When:
Friday, March 6, 2026
3:30 PM - 5:00 PM CT
Where: Chambers Hall, Ruan Conference Room, 600 Foster St, Evanston, IL 60208 map it
Audience: Faculty/Staff - Student - Public - Post Docs/Docs - Graduate Students
Contact:
Annie Lee
annielee@northwestern.edu
Group: Linguistics Department
Category: Academic
Interrogating and transcending proxies in language research: Emergent profiles and confounded variables
What's a "native speaker/signer"? Socially-informed scholarship has shown that language users (and linguist-language-users) have ideologically-mediated intuitions about who counts and who doesn't, with notions of social power and authenticity being particularly relevant factors (Ortega 2020, D'Onofrio 2019, Ramjattan 2019, Faez 2011, Leonard & Haynes 2010, Bucholtz 2003). At the same time, much experimental work operates on the assumption that self-identifying as "monolingual", "heritage", or "native" is a reliable proxy for particular profiles of language experience. While this could be the case in some communities, the logical independence of such terms and the factors they are meant to stand in for requires that researchers ask what these labels actually mean in a given context (Grammon & Babel 2024, Birkeland et al. 2024, Cheng et al. 2021, Namboodiripad, Kutlu, et al. 2026). I present collaborative work which investigates whether and how variation in language experience aligns with commonly-used proxy variables in experimental research.
First, we asked about the structure of variation in the Hindi-Urdu (Cheng et al. 2022) and Malayalam diaspora (Abtahian et al. in prep). We used agglomorative clustering analysis, a dimensionality reduction tool, to create emergent profiles of language experience, and compared these profiles to proxies such as generation of immigration, self-IDing as a "native speaker", and diaspora vs in situ. In both diaspora groups, the emergent profiles out-performed the proxy variables when it came to explaining variation in acceptability judgments (Hindi-Urdu) and choice of food terms (Malayalam).

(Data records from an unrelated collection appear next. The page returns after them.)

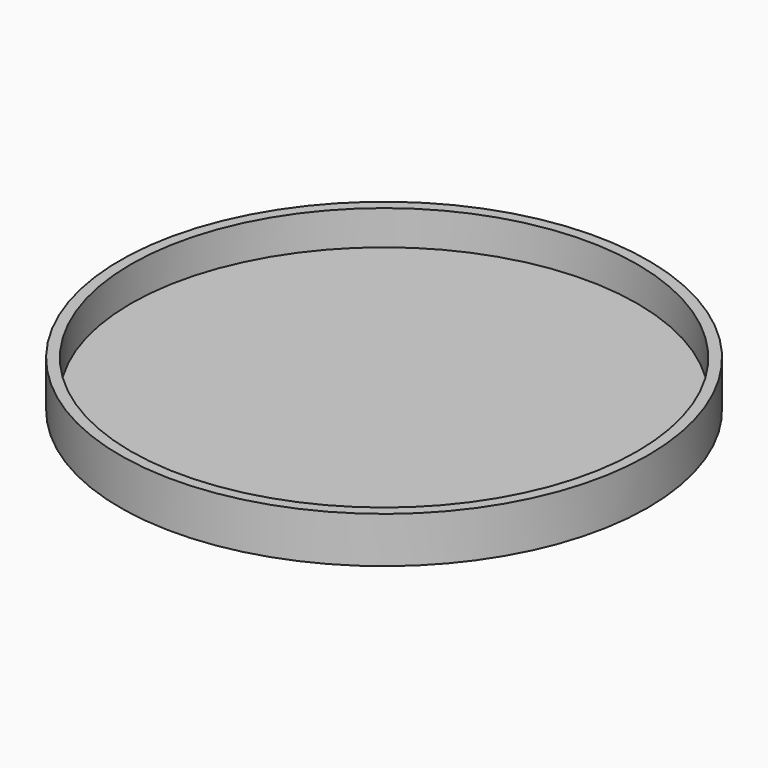
from build123d import *

# Parameters (mm, degrees)
F0_R     = 33.5
F1_DEPTH = 1.5
F2_R     = 34.4
F2_R_2   = 33
F3_DEPTH = 6


# Not quite as in the source:
# - the program builds the solid bodies; features that only make, move or delete a surface that nothing else refers to are left out


with BuildPart() as f1:
    # F0 (on Top) → F1 (new body)
    with BuildSketch(Plane.XY):
        Circle(F0_R)
    extrude(amount=F1_DEPTH)

    # F2 (on Top) → F3 (join)
    with BuildSketch(Plane.XY):
        Circle(F2_R)
        Circle(F2_R_2, mode=Mode.SUBTRACT)
    extrude(amount=F3_DEPTH)


solid = f1.part
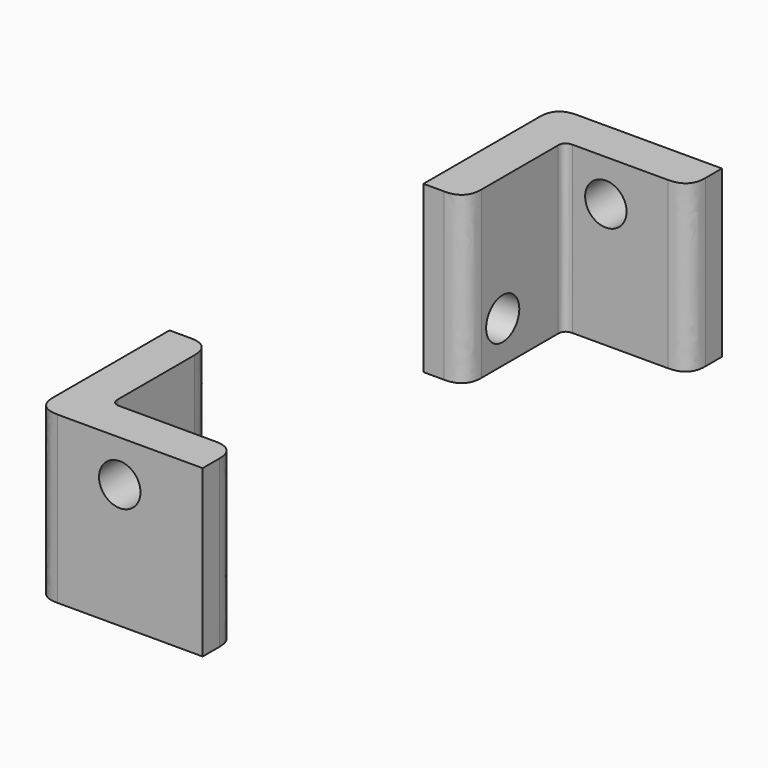
from build123d import *

# Parameters (mm, degrees)
F1_DEPTH       = 25.4
F3_R           = 3.175
F4_DEPTH       = 6.35
F2_R           = 3.175
F5_DEPTH       = 6.35
F7_DEPTH       = 25.4
F8_R           = 3.175
F9_DEPTH       = 6.35
F10_R          = 3.175
F11_DEPTH      = 6.35
F12_T1_DEPTH   = 41.275
F12_2_T1_DEPTH = 41.275
F13_T1_DEPTH   = 41.275
F13_2_T1_DEPTH = 41.275
F14_T1_DEPTH   = 25.4
F14_2_T1_DEPTH = 25.4


# Not quite as in the source:
# - a fillet or chamfer that OpenCascade refuses, or shapes differently, is made with other operations: its cross-section is extruded or revolved along the edge and cut away or added


with BuildPart() as f1:
    # F0 (on Top) → F1 (new body)
    with BuildSketch(Plane.XY):
        Polygon((-32.7995864883, 0), (-39.1495864883, 0), (-39.1495864883, -25.4), (-13.7495864883, -25.4), (-13.7495864883, -19.05), (-32.7995864883, -19.05), align=None)
    extrude(amount=F1_DEPTH)

    # F3 (on face) → F4 (cut)
    with BuildSketch(Plane(origin=(0, -19.05, 0), x_dir=(-1, 0, 0), z_dir=(0, 1, 0))):
        with Locations((26.4495864883, 19.05)):
            Circle(F3_R)
    extrude(amount=-F4_DEPTH, mode=Mode.SUBTRACT)

    # F2 (on face) → F5 (cut)
    with BuildSketch(Plane.YZ.offset(-32.7995864883)):
        with Locations((-7.239, 6.35)):
            Circle(F2_R)
    extrude(amount=-F5_DEPTH, mode=Mode.SUBTRACT)

    # F12#2: fillet of radius 3.175 on 2 edges, made by hand

    # F12_2_s2 → F12_2_t1 (cut)
    with BuildSketch(Plane.XY.offset(-7.9375)):
        with BuildLine():
            add(Edge.make_bspline(
                [(-35.9745864883, 0), (-32.7995864883, 0), (-32.7995864883, -3.175)],
                knots=[0, 0, 0, 1, 1, 1], degree=2, weights=[1, 1, 1]))
            Line((-32.7995864883, -3.175), (-32.7995864883, 0))
            Line((-32.7995864883, 0), (-35.9745864883, 0))
        make_face()
        with BuildLine():
            add(Edge.make_bspline(
                [(-16.9245864883, -19.05), (-13.7495864883, -19.05), (-13.7495864883, -22.225)],
                knots=[0, 0, 0, 1, 1, 1], degree=2, weights=[1, 1, 1]))
            Line((-13.7495864883, -22.225), (-13.7495864883, -19.05))
            Line((-13.7495864883, -19.05), (-16.9245864883, -19.05))
        make_face()
    extrude(amount=F12_2_T1_DEPTH, mode=Mode.SUBTRACT)

    # F13: fillet of radius 3.175 on 1 edges, made by hand

    # F13_s2 → F13_t1 (cut)
    with BuildSketch(Plane.XY.offset(-7.9375)):
        with BuildLine():
            add(Edge.make_bspline(
                [(-39.1495864883, -22.225), (-39.1495864883, -25.4), (-35.9745864883, -25.4)],
                knots=[0, 0, 0, 1, 1, 1], degree=2, weights=[1, 1, 1]))
            Line((-35.9745864883, -25.4), (-39.1495864883, -25.4))
            Line((-39.1495864883, -25.4), (-39.1495864883, -22.225))
        make_face()
    extrude(amount=F13_T1_DEPTH, mode=Mode.SUBTRACT)

    # F14#2: fillet of radius 1.27 on 1 edges, made by hand

    # F14_2_s2 → F14_2_t1 (join)
    with BuildSketch(Plane.XY):
        with BuildLine():
            add(Edge.make_bspline(
                [(-32.7995864883, -17.78), (-32.7995864883, -19.05), (-31.5295864883, -19.05)],
                knots=[0, 0, 0, 1, 1, 1], degree=2, weights=[1, 1, 1]))
            Line((-31.5295864883, -19.05), (-32.7995864883, -19.05))
            Line((-32.7995864883, -19.05), (-32.7995864883, -17.78))
        make_face()
    extrude(amount=F14_2_T1_DEPTH)


with BuildPart() as f7:
    # F6 (on Top) → F7 (new body)
    with BuildSketch(Plane.XY):
        Polygon((-39.1495864883, 48.6232675612), (-32.7995864883, 48.6232675612), (-32.7995864883, 67.6732675612), (-13.7495864883, 67.6732675612), (-13.7495864883, 74.0232675612), (-39.1495864883, 74.0232675612), align=None)
    extrude(amount=F7_DEPTH)

    # F8 (on face) → F9 (cut)
    with BuildSketch(Plane.YZ.offset(-32.7995864883)):
        with Locations((55.8622675612, 6.35)):
            Circle(F8_R)
    extrude(amount=-F9_DEPTH, mode=Mode.SUBTRACT)

    # F10 (on face) → F11 (cut)
    with BuildSketch(Plane.XZ.offset(-67.6732675612)):
        with Locations((-26.4495864883, 19.05)):
            Circle(F10_R)
    extrude(amount=-F11_DEPTH, mode=Mode.SUBTRACT)

    # F12: fillet of radius 3.175 on 2 edges, made by hand

    # F12_s2 → F12_t1 (cut)
    with BuildSketch(Plane.XY.offset(-7.9375)):
        with BuildLine():
            add(Edge.make_bspline(
                [(-13.7495864883, 70.8482675612), (-13.7495864883, 67.6732675612), (-16.9245864883, 67.6732675612)],
                knots=[0, 0, 0, 1, 1, 1], degree=2, weights=[1, 1, 1]))
            Line((-16.9245864883, 67.6732675612), (-13.7495864883, 67.6732675612))
            Line((-13.7495864883, 67.6732675612), (-13.7495864883, 70.8482675612))
        make_face()
        with BuildLine():
            add(Edge.make_bspline(
                [(-35.9745864883, 48.6232675612), (-32.7995864883, 48.6232675612), (-32.7995864883, 51.7982675612)],
                knots=[0, 0, 0, 1, 1, 1], degree=2, weights=[1, 1, 1]))
            Line((-32.7995864883, 51.7982675612), (-32.7995864883, 48.6232675612))
            Line((-32.7995864883, 48.6232675612), (-35.9745864883, 48.6232675612))
        make_face()
    extrude(amount=F12_T1_DEPTH, mode=Mode.SUBTRACT)

    # F13#2: fillet of radius 3.175 on 1 edges, made by hand

    # F13_2_s2 → F13_2_t1 (cut)
    with BuildSketch(Plane.XY.offset(-7.9375)):
        with BuildLine():
            add(Edge.make_bspline(
                [(-39.1495864883, 70.8482675612), (-39.1495864883, 74.0232675612), (-35.9745864883, 74.0232675612)],
                knots=[0, 0, 0, 1, 1, 1], degree=2, weights=[1, 1, 1]))
            Line((-35.9745864883, 74.0232675612), (-39.1495864883, 74.0232675612))
            Line((-39.1495864883, 74.0232675612), (-39.1495864883, 70.8482675612))
        make_face()
    extrude(amount=F13_2_T1_DEPTH, mode=Mode.SUBTRACT)

    # F14: fillet of radius 1.27 on 1 edges, made by hand

    # F14_s2 → F14_t1 (join)
    with BuildSketch(Plane.XY):
        with BuildLine():
            add(Edge.make_bspline(
                [(-31.5295864883, 67.6732675612), (-32.7995864883, 67.6732675612), (-32.7995864883, 66.4032675612)],
                knots=[0, 0, 0, 1, 1, 1], degree=2, weights=[1, 1, 1]))
            Line((-32.7995864883, 66.4032675612), (-32.7995864883, 67.6732675612))
            Line((-32.7995864883, 67.6732675612), (-31.5295864883, 67.6732675612))
        make_face()
    extrude(amount=F14_T1_DEPTH)


solid = Compound([f1.part, f7.part])

Next, we studied an overrepresented group which is assumed to be homogenous: adult US-based Prolific participants who list English as their primary language. Participants (N=196) answered a detailed questionnaire about language use and exposure across their lifespan, current day linguistic practices, and alignment with various social and demographic labels (Cheng & Namboodiripad in prep.). When we asked about language experience in an open-ended way that centered linguistic variation, we found considerable self-reported linguistic diversity. Further, we found that early variation in language experience does not correspond to variation in current day use of English. Finally, we found that participants who self-identified as "monolingual native English speakers", an often prized "control" group in psycholinguistic research, did not significantly differ from others when it came to their patterns of language experience or use. Instead, they were more likely to identify as White.
Across studies, we found structured heterogeneity amongst participants. Language experience profiles aligned with concepts like "receptive bilingual" and "switch dominance", while also supporting theoretical approaches which deemphasize the role of very early experience in determining linguistic practices. Overall, this work aims to center and make sense of the variation which characterizes everyone's language use. And actually interrogating the ubiquitous proxy variables allows us to learn, for example, that studies which limit recruitment to self-identified monolingual English speakers in the US, all else being equal, overrepresent White people.